Data extracted from a collection:

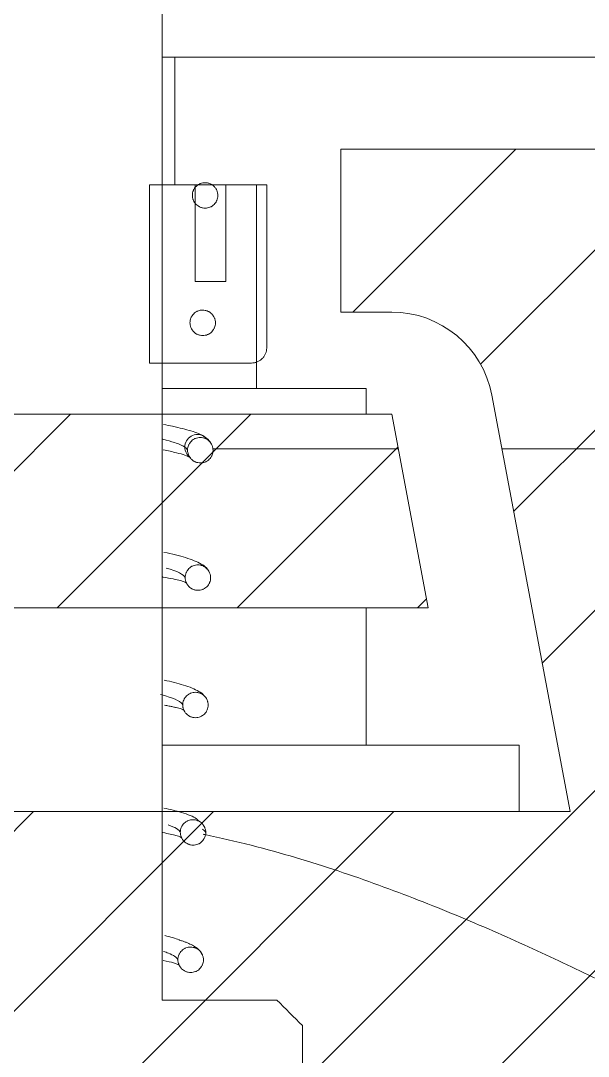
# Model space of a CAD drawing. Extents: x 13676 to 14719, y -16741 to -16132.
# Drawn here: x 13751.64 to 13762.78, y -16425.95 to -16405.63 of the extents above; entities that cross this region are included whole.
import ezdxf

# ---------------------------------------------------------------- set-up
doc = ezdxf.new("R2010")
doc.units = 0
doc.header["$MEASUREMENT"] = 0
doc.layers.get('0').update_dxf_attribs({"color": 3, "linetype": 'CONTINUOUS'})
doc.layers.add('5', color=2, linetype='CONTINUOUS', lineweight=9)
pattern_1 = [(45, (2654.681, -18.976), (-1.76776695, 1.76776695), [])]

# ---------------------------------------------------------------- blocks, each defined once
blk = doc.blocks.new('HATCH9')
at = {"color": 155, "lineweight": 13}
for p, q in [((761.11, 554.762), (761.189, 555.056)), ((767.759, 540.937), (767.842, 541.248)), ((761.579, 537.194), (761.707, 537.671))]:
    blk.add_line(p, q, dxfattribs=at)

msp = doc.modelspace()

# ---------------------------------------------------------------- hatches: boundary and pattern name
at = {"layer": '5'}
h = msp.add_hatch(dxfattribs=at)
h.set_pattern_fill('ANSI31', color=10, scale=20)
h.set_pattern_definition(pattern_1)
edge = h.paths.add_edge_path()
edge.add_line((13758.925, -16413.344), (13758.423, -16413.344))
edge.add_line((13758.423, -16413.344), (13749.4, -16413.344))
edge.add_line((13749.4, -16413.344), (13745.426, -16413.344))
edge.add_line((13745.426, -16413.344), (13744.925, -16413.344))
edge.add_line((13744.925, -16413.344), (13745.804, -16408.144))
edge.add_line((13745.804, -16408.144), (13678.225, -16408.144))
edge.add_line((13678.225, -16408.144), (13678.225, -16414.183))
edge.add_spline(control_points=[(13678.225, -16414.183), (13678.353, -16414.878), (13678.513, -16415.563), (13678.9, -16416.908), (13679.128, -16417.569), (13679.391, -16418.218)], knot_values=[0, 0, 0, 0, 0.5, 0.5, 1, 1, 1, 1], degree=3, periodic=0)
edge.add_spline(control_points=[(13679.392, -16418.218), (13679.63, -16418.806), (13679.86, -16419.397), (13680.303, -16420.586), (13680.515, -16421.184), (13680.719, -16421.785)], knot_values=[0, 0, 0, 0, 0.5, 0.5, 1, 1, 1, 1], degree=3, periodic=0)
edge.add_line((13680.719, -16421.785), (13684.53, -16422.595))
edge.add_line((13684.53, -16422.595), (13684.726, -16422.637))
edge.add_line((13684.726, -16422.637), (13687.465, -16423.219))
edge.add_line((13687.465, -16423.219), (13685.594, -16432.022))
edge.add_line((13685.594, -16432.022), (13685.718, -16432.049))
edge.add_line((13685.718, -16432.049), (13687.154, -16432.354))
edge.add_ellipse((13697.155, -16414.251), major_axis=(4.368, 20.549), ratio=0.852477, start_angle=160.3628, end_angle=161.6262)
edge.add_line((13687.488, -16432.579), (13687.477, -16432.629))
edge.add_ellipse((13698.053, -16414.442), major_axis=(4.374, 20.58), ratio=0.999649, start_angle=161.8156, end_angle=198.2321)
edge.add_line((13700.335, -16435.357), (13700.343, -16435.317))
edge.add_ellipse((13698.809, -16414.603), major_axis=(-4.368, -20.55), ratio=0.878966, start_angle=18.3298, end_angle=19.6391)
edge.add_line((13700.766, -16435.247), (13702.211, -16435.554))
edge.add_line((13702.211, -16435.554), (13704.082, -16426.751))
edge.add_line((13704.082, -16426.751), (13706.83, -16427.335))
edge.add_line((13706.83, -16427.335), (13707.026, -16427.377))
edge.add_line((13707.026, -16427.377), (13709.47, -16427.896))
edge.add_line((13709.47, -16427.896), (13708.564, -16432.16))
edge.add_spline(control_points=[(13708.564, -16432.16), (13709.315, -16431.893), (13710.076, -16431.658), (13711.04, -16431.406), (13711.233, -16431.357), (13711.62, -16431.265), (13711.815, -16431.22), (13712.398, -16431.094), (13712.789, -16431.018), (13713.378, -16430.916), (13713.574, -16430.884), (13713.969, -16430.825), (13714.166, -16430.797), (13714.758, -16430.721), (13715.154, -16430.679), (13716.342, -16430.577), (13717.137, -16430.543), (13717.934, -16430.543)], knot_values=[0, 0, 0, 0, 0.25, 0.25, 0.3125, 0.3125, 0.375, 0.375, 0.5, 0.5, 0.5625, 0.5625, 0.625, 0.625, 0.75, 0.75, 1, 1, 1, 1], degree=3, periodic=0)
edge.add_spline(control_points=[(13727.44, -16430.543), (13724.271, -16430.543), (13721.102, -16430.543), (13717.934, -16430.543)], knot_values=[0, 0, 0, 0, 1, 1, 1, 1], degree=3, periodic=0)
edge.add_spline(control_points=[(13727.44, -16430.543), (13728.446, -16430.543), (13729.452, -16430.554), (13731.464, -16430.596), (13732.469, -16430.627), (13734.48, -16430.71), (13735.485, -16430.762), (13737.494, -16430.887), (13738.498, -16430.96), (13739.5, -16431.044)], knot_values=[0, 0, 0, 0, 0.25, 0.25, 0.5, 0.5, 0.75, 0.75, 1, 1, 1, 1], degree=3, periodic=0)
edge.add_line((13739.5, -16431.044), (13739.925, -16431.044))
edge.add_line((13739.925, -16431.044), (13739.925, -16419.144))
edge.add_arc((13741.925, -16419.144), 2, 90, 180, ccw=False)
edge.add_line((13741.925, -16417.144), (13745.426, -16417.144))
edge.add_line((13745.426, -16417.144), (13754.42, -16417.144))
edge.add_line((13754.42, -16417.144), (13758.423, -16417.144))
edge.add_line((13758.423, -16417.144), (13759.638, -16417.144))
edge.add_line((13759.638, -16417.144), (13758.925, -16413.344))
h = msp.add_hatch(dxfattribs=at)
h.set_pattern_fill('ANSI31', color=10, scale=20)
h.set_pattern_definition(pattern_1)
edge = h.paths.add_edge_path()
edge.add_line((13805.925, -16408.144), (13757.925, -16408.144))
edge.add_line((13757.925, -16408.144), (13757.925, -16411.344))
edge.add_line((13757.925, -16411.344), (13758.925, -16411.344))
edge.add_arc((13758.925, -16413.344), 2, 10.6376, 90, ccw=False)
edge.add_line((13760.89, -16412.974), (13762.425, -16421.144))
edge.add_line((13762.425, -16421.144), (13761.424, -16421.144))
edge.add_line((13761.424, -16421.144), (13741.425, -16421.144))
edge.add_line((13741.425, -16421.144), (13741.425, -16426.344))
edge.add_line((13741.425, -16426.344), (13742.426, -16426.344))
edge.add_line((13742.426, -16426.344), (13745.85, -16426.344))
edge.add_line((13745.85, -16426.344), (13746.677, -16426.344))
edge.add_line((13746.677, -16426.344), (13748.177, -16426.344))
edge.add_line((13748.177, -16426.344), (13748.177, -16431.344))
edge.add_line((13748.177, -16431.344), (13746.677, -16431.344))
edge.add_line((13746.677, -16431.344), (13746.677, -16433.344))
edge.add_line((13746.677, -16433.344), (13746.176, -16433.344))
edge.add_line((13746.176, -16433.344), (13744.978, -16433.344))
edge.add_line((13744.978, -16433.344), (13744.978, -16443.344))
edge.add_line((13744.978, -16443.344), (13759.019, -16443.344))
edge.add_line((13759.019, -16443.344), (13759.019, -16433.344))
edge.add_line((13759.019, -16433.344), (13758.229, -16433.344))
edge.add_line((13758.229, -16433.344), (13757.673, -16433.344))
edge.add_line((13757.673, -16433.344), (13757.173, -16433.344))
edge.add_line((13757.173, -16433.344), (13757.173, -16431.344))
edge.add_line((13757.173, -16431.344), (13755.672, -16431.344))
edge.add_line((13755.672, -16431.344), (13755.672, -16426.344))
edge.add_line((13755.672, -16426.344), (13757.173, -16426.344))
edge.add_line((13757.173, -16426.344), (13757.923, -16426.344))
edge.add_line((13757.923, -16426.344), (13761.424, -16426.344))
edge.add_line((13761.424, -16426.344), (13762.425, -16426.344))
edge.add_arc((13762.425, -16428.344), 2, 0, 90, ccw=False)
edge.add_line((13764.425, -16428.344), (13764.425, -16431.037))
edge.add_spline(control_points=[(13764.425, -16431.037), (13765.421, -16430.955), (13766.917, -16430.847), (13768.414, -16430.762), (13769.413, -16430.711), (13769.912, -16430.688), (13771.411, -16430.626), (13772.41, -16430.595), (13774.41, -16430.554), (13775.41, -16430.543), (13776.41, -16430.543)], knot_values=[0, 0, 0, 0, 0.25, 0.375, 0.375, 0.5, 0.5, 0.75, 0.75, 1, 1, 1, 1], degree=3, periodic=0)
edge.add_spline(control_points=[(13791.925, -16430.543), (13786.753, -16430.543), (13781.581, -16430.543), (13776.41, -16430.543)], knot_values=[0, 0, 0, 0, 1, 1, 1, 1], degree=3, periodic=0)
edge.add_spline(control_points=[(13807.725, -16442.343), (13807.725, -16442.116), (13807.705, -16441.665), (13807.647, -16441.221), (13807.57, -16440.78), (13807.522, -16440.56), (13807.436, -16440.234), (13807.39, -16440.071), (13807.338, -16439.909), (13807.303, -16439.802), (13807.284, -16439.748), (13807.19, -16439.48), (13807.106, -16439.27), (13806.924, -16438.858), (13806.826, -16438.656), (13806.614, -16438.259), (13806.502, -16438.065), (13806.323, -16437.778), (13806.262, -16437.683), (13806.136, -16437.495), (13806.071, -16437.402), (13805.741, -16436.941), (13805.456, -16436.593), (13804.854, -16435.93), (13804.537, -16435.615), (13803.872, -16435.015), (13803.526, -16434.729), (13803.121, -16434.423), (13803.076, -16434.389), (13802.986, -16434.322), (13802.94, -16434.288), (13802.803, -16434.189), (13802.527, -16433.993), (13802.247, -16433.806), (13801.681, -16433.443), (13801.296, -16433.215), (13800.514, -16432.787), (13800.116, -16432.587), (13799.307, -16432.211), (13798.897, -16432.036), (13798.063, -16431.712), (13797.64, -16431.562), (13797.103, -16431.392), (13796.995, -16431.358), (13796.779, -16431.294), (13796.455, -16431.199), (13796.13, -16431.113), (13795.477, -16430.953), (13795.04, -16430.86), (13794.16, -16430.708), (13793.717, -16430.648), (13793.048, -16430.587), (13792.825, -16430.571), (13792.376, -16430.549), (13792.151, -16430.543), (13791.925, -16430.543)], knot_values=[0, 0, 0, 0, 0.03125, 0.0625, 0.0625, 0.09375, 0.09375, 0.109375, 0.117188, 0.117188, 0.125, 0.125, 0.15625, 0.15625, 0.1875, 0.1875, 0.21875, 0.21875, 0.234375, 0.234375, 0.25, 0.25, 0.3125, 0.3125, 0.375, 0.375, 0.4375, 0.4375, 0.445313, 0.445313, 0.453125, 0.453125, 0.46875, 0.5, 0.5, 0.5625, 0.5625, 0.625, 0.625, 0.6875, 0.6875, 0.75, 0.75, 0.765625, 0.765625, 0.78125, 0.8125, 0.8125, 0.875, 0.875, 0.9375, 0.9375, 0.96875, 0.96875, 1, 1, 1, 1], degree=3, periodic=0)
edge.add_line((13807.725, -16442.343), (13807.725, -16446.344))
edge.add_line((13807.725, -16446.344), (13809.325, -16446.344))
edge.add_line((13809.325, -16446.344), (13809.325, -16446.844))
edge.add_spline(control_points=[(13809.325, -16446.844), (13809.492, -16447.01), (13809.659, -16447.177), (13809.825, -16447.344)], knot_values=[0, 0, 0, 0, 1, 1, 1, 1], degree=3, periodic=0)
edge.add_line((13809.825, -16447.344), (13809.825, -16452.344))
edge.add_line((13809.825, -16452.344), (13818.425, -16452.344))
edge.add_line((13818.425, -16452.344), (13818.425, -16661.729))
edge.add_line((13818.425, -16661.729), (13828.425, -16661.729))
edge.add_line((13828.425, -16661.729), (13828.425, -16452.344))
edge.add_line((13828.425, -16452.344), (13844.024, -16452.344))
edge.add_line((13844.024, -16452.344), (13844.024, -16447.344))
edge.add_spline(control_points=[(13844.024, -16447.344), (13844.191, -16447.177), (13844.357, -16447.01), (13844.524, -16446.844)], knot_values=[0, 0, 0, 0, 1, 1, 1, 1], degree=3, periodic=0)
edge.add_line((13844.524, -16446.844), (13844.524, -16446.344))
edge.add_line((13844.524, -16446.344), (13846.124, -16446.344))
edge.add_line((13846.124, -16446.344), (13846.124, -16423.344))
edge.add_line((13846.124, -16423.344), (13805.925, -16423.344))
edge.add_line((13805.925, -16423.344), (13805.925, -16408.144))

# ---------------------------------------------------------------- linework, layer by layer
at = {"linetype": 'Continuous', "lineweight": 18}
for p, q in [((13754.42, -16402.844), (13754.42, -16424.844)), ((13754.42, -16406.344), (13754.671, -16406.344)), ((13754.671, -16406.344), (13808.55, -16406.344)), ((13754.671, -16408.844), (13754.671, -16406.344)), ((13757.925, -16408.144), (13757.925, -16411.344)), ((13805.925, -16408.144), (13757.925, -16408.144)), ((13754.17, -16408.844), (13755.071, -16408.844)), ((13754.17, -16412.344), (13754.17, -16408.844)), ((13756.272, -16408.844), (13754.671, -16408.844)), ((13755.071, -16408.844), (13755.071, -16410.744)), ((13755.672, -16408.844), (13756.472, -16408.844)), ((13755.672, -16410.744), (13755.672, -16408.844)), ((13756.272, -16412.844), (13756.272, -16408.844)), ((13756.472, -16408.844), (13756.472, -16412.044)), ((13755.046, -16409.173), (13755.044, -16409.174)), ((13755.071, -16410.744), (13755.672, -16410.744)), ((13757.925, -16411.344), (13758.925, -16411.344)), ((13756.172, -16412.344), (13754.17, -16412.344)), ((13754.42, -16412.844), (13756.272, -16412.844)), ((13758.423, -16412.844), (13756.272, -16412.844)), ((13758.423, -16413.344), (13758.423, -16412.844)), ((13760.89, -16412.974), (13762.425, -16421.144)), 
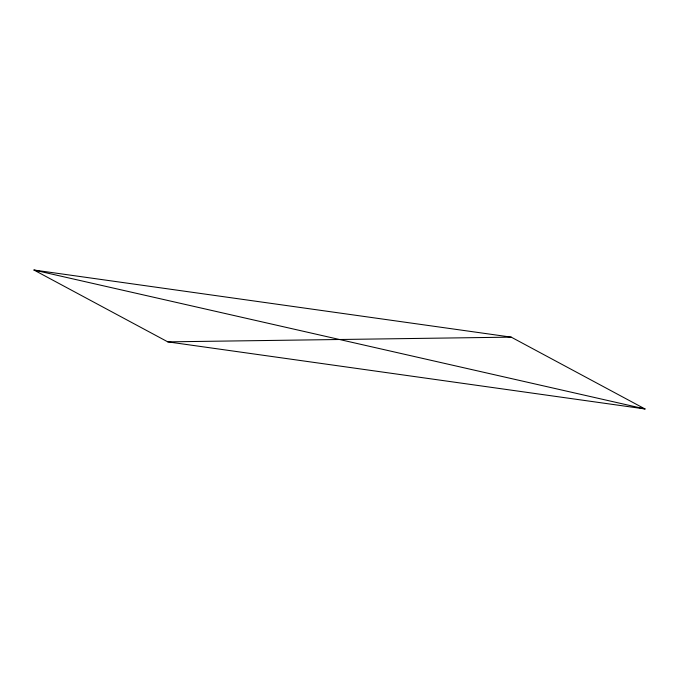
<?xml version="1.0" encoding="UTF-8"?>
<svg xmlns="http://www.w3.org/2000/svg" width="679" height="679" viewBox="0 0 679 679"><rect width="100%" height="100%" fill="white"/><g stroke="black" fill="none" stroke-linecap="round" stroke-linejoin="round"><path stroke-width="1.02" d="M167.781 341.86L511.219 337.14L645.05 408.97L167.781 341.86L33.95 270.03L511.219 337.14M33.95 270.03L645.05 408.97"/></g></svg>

*Work required*:
Above are the lines; repeat exactly the ones from the line containing "edge.add_line((13739.925, -16431.044), (13739.925, -16419.144))" down to the line containing "edge.add_line((13748.177, -16426.344), (13748.177, -16431.344))", both inclusive.

*Response to the exercise*:
edge.add_line((13739.925, -16431.044), (13739.925, -16419.144))
edge.add_arc((13741.925, -16419.144), 2, 90, 180, ccw=False)
edge.add_line((13741.925, -16417.144), (13745.426, -16417.144))
edge.add_line((13745.426, -16417.144), (13754.42, -16417.144))
edge.add_line((13754.42, -16417.144), (13758.423, -16417.144))
edge.add_line((13758.423, -16417.144), (13759.638, -16417.144))
edge.add_line((13759.638, -16417.144), (13758.925, -16413.344))
h = msp.add_hatch(dxfattribs=at)
h.set_pattern_fill('ANSI31', color=10, scale=20)
h.set_pattern_definition(pattern_1)
edge = h.paths.add_edge_path()
edge.add_line((13805.925, -16408.144), (13757.925, -16408.144))
edge.add_line((13757.925, -16408.144), (13757.925, -16411.344))
edge.add_line((13757.925, -16411.344), (13758.925, -16411.344))
edge.add_arc((13758.925, -16413.344), 2, 10.6376, 90, ccw=False)
edge.add_line((13760.89, -16412.974), (13762.425, -16421.144))
edge.add_line((13762.425, -16421.144), (13761.424, -16421.144))
edge.add_line((13761.424, -16421.144), (13741.425, -16421.144))
edge.add_line((13741.425, -16421.144), (13741.425, -16426.344))
edge.add_line((13741.425, -16426.344), (13742.426, -16426.344))
edge.add_line((13742.426, -16426.344), (13745.85, -16426.344))
edge.add_line((13745.85, -16426.344), (13746.677, -16426.344))
edge.add_line((13746.677, -16426.344), (13748.177, -16426.344))
edge.add_line((13748.177, -16426.344), (13748.177, -16431.344))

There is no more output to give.